To do that, we will need to use the result from the endpoint /orgs/PokeAPI/repos
in order to make the call to /orgs/PokeAPI/{repo}/commits
We will update the resources list:
"resources": [ { "name": "pokeapi_repos", "endpoint": { "path": "orgs/PokeAPI/repos", }, }, { "name": "pokeapi_repos_commits", "endpoint": { "path": "repos/PokeAPI/{resources.pokeapi_repos.name}/commits", }, }, ],
And when we look at the github_pipeline.duckdb
file, we have now the following table: github_data.pokeapi_repos_commits
with all the commits from that repo.
Implementing Incremental Loading with the GitHub API
So far, we’ve built a pipeline that extracts all the commits from the PokeAPI repositories. But what if we want to regularly update our database with only new commits, without processing everything again? For this, we can use incremental loading.
To do that, we need to determine in the API two things:
- what date/timestamp parameters we can send to the API to exclude commits before a certain date (in GitHub, it is
since
) - what field returned by the endpoint specifies the date/timestamp of the commit (we can use the
commit.author.date
)
Understanding Incremental Loading in dlt
Incremental loading is a technique where only new or modified data is processed in each pipeline run. This approach:
- Reduces processing time and resource usage
- Minimizes API requests (and this is important for API that have rate limits)
- Creates an overall more efficient data pipeline
dlt handles the complexity of incremental loading through its state management capabilities:
- It tracks what data has already been loaded
- It uses resource state to determine what to load next
- It manages this automatically with just a few configuration changes
Adding Parameters to Our Resource
Let’s modify our pipeline to include an incremental loading pattern. First, we’ll add the configuration for the commits resource:
{ "name": "pokeapi_repos_commits", "endpoint": { "path": "/repos/PokeAPI/{resources.pokeapi_repos.name}/commits", "params": { "since": { "type": "incremental", "cursor_path": "commit.author.date", "initial_value": "2024-01-01T00:00:00Z" } } }, },
- In the params object, we pass
since
the parameter GitHub expects to filter out data based on a timestamp. - We specify that this parameter is of type
incremental
. - We provide the cursor_path
commit.author.date
to track the timestamp from the endpoint response. - And for initial value, we provide the value that will initialize the state of incremental loading. It is important that the value type matches the type of the field in the data.
Running the pipeline
Now when we run the pipeline for the first time, dlt processes all the data since 2024-01-01 for the commit resource. But on subsequent runs, it will process only commits since the last run.

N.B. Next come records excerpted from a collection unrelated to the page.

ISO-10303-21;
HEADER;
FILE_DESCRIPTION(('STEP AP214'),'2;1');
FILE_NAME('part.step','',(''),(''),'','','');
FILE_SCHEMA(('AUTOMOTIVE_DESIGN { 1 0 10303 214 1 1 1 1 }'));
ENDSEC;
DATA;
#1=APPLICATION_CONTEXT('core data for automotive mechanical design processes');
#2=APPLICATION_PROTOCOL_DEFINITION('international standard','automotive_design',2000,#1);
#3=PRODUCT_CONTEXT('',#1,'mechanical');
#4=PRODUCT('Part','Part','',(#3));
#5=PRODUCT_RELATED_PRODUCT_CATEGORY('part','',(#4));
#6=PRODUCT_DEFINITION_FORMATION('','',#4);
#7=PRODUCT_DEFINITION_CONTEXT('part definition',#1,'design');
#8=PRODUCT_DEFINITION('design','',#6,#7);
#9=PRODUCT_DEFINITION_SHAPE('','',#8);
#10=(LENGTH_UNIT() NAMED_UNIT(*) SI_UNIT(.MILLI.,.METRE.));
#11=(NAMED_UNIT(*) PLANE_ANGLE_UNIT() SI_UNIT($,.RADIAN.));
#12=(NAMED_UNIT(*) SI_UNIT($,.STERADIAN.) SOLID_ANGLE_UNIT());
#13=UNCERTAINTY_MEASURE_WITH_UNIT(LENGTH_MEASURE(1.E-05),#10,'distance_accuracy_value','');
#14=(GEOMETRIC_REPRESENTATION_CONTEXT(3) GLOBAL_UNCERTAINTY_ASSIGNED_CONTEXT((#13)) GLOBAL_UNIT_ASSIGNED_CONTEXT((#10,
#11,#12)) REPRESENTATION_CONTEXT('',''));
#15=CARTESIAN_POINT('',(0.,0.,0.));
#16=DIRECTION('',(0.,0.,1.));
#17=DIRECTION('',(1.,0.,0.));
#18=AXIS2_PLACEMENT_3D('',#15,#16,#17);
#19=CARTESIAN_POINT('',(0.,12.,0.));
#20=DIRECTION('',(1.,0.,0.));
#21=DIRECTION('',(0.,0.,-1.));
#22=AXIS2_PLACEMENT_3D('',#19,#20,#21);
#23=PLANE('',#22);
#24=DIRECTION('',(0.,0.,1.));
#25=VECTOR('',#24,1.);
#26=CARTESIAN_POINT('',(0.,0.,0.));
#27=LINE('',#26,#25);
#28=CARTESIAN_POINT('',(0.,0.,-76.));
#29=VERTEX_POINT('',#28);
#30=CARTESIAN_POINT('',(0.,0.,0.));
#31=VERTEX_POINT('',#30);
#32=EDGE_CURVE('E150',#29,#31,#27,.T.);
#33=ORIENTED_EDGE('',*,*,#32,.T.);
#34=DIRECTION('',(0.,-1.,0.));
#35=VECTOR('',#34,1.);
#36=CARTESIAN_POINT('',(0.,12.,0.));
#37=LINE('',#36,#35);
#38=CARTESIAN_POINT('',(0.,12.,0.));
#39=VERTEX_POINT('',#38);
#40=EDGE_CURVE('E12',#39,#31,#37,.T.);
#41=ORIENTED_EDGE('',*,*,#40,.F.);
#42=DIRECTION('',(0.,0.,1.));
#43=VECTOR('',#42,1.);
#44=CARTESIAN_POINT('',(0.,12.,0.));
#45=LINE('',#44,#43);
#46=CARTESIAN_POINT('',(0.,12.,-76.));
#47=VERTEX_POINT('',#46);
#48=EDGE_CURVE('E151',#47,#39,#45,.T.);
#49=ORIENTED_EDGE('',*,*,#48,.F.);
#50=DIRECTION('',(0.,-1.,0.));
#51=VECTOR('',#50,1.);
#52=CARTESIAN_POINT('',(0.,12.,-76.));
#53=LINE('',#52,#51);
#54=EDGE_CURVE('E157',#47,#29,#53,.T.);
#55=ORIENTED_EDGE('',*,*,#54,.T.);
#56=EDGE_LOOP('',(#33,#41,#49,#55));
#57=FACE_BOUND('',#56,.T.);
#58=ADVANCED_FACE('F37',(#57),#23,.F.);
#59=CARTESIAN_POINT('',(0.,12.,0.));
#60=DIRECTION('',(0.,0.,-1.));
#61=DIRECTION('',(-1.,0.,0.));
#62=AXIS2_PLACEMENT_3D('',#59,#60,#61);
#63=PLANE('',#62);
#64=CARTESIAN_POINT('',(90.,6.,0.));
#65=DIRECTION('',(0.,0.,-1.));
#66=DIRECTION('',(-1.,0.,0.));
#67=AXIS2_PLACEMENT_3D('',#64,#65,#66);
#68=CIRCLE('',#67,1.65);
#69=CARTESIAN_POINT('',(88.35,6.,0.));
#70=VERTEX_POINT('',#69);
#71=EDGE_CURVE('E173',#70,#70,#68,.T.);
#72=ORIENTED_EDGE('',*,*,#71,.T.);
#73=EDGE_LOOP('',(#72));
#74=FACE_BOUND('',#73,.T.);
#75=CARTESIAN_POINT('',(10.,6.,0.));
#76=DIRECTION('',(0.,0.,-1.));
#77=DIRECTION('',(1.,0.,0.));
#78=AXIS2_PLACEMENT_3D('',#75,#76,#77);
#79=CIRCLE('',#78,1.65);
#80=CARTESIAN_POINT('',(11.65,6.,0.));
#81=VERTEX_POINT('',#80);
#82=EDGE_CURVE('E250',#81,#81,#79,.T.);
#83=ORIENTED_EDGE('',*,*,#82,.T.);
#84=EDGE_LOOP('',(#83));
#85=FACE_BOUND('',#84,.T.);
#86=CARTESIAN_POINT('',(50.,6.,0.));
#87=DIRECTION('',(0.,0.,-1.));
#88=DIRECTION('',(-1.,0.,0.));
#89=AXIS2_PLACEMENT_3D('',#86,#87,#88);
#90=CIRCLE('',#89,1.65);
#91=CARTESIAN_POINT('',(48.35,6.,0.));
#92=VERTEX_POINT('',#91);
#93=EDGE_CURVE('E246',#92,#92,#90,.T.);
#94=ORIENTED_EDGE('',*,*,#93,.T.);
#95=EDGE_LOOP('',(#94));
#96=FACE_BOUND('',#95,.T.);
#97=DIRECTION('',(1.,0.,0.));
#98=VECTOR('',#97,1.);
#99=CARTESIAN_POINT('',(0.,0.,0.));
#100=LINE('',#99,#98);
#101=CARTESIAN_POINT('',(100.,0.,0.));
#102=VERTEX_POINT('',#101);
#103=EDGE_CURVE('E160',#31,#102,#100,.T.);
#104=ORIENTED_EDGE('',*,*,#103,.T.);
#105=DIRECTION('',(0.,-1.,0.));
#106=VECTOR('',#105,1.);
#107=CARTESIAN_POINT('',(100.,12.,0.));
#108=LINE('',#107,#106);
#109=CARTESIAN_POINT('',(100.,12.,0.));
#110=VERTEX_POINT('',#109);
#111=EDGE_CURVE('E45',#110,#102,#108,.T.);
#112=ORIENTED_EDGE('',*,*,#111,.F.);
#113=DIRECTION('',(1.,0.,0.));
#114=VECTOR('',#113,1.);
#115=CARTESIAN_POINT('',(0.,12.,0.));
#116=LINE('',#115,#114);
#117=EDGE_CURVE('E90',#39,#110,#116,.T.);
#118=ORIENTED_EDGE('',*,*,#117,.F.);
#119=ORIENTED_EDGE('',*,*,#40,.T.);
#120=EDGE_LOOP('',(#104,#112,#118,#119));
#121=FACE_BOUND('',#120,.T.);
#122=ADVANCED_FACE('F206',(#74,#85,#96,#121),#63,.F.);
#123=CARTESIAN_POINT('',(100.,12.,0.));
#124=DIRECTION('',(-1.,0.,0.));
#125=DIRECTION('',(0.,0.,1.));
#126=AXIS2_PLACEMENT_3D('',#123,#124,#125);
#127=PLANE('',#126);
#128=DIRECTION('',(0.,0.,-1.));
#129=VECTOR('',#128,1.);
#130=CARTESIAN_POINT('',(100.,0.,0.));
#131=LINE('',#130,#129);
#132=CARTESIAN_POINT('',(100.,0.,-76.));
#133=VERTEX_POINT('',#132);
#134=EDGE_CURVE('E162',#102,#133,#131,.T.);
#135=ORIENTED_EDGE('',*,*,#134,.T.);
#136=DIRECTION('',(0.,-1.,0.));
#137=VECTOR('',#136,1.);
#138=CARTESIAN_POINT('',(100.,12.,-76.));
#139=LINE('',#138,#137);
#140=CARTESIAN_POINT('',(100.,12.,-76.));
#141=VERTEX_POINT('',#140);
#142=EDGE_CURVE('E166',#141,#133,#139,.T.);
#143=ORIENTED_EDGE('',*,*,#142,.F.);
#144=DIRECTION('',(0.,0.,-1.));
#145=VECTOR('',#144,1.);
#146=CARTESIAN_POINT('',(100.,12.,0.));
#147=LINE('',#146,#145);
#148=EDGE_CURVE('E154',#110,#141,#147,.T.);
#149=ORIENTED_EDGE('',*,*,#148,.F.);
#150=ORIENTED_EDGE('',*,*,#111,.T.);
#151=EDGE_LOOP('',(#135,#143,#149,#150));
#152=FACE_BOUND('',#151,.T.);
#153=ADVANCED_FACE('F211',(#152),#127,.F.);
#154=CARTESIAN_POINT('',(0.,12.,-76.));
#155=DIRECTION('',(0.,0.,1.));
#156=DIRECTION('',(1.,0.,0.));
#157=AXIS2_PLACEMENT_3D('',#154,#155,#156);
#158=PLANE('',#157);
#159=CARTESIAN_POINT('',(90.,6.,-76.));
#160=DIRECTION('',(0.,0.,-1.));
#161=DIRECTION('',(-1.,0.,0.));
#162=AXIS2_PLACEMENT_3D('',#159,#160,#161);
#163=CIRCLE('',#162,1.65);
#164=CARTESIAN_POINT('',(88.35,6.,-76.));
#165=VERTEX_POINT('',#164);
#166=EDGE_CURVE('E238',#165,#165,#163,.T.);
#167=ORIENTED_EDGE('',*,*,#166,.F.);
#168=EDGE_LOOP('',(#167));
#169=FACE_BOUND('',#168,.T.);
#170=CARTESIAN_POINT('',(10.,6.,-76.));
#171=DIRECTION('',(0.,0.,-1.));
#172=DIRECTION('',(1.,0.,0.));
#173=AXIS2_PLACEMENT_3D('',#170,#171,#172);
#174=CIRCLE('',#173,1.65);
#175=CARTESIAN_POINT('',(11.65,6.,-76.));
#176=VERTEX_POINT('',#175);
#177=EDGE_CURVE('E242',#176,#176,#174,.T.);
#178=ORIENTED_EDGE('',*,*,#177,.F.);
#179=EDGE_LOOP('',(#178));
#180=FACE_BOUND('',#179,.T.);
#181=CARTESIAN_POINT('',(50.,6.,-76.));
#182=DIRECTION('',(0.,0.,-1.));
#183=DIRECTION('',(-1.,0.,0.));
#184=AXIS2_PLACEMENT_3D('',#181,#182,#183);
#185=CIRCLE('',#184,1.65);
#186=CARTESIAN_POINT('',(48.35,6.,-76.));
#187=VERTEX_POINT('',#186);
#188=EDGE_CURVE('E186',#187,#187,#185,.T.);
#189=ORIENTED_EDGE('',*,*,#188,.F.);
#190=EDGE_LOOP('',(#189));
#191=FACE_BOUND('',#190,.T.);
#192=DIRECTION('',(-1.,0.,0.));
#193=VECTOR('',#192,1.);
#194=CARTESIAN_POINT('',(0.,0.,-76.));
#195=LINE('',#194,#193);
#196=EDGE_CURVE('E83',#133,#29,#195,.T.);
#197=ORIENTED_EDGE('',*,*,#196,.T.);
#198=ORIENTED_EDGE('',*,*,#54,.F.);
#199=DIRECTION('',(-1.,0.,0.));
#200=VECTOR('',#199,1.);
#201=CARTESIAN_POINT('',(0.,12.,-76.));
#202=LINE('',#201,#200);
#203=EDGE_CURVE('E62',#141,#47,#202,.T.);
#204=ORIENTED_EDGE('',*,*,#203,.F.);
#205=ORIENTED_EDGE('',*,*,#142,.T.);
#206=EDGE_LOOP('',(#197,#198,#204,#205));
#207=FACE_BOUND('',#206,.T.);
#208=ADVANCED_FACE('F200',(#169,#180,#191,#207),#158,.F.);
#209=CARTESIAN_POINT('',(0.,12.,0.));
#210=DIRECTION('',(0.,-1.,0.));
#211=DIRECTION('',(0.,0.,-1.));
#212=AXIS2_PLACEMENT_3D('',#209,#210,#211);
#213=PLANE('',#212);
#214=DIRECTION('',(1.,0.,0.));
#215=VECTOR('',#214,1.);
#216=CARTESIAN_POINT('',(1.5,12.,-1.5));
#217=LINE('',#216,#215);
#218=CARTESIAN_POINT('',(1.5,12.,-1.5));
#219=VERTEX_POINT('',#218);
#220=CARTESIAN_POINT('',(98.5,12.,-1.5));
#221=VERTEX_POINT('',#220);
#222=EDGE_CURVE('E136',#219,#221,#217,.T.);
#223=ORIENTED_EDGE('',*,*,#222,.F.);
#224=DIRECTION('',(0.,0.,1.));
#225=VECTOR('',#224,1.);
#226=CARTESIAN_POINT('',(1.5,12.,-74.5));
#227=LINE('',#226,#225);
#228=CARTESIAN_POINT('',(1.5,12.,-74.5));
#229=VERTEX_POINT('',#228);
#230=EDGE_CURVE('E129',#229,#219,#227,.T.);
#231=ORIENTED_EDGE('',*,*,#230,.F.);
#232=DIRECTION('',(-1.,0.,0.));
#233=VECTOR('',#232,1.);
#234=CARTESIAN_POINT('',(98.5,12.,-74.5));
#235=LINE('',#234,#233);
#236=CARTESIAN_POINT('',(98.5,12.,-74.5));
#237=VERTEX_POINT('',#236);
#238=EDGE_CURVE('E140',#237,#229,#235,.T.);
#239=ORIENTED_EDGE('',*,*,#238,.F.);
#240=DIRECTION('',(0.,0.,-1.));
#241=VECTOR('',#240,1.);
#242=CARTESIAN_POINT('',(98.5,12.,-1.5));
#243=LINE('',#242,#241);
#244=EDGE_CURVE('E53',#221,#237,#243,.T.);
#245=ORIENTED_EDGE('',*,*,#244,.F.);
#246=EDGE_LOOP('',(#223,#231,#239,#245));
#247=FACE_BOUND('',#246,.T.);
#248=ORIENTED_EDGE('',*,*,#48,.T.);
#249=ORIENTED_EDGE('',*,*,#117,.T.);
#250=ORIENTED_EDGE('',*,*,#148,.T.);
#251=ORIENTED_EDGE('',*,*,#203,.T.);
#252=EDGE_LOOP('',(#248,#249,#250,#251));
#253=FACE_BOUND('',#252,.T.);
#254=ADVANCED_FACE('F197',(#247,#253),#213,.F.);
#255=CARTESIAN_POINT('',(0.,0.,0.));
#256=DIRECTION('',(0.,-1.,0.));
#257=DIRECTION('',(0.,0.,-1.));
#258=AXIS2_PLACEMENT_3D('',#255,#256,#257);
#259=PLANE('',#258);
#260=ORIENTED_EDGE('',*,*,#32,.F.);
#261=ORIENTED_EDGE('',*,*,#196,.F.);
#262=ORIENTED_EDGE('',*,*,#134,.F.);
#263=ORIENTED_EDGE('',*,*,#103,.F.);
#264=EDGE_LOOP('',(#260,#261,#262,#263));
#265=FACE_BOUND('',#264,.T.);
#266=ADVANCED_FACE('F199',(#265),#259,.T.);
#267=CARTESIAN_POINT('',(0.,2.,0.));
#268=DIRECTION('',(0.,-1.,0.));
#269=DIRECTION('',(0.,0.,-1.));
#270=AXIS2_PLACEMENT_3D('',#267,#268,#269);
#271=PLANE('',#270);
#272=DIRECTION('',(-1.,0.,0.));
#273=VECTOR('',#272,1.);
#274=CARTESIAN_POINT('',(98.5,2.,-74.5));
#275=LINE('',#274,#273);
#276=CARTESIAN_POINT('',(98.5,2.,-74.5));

How dlt Manages Incremental State
Behind the scenes, dlt maintains state information in your destination. This includes:
- Load Metadata: Information about each pipeline run stored in
_dlt_loads
- Pipeline State: The state parameters for each resource in
_dlt_pipeline_state
- Data Versioning: Which version of each record was loaded in which run
With this, we can implement incremental data loading with minimal code.
To recap
In this article, we learned about dlt and its most important concepts. We deployed a basic pipeline from GitHub to DuckDB. We then used the result of one endpoint to configure another endpoint by grabbing the names of repositories in order to get the commits of those repositories. Finally, we implemented incremental loading to get only new data.